* What the task requires *
Select from the data all lines with the word "along".

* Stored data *
++++++++
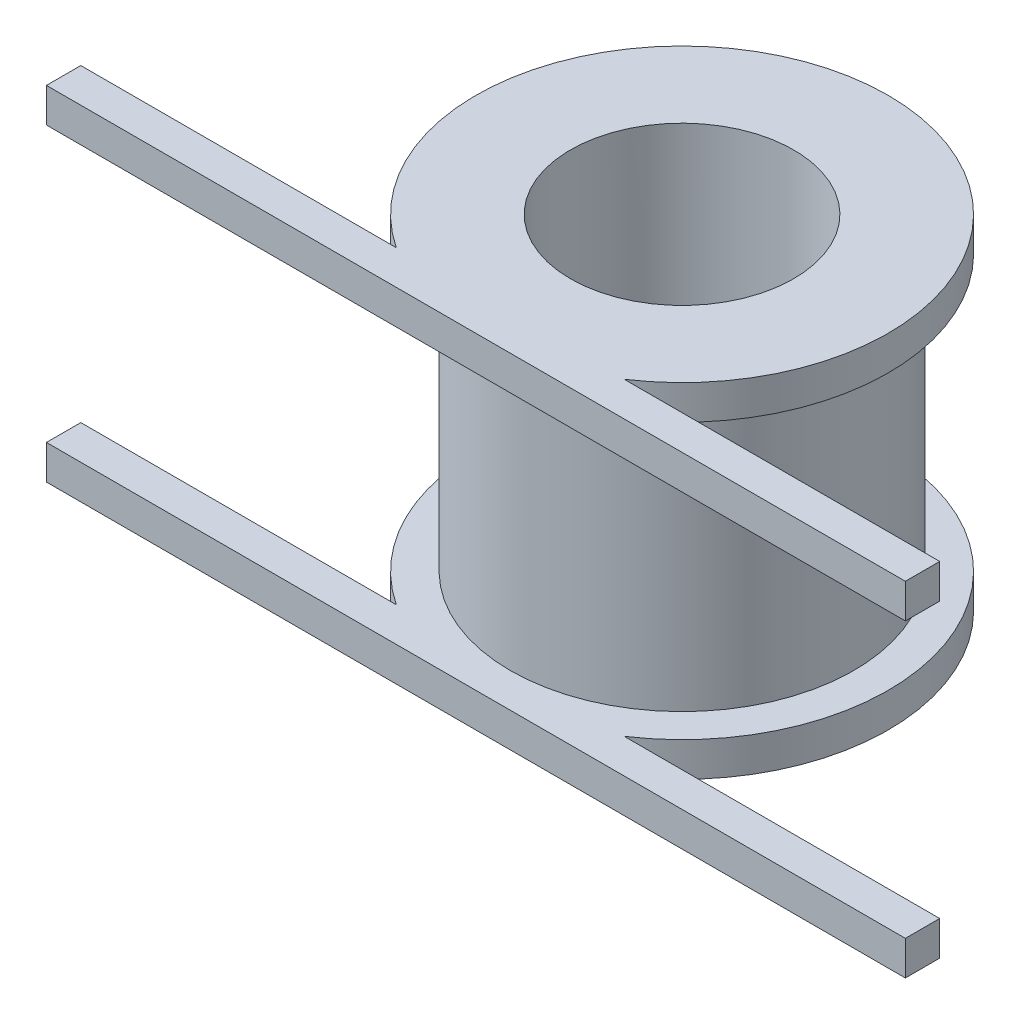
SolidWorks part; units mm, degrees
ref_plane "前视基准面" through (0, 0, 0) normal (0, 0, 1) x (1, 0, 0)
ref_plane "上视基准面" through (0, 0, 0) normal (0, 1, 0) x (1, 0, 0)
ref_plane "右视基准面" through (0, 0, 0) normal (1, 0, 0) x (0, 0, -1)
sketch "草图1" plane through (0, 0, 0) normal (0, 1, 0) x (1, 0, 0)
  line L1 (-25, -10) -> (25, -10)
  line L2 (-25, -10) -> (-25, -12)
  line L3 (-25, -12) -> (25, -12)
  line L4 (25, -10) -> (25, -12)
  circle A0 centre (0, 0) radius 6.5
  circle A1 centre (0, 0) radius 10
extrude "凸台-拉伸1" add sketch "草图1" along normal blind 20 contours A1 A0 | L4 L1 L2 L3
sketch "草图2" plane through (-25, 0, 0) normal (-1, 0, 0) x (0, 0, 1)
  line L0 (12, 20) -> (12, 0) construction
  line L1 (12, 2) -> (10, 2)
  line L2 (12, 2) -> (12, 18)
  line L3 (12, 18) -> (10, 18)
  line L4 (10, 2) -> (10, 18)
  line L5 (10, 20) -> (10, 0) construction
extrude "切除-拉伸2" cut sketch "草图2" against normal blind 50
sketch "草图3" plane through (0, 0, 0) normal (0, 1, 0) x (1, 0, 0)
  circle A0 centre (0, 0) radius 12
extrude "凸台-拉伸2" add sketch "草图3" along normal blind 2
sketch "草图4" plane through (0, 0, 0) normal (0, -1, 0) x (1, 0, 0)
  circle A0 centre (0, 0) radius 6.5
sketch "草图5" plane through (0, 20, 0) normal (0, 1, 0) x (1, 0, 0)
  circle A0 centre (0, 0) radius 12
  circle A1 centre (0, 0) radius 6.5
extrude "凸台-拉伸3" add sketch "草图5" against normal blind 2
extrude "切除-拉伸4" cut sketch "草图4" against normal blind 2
++++++++
* Final answer *
extrude "凸台-拉伸1" add sketch "草图1" along normal blind 20 contours A1 A0 | L4 L1 L2 L3
extrude "凸台-拉伸2" add sketch "草图3" along normal blind 2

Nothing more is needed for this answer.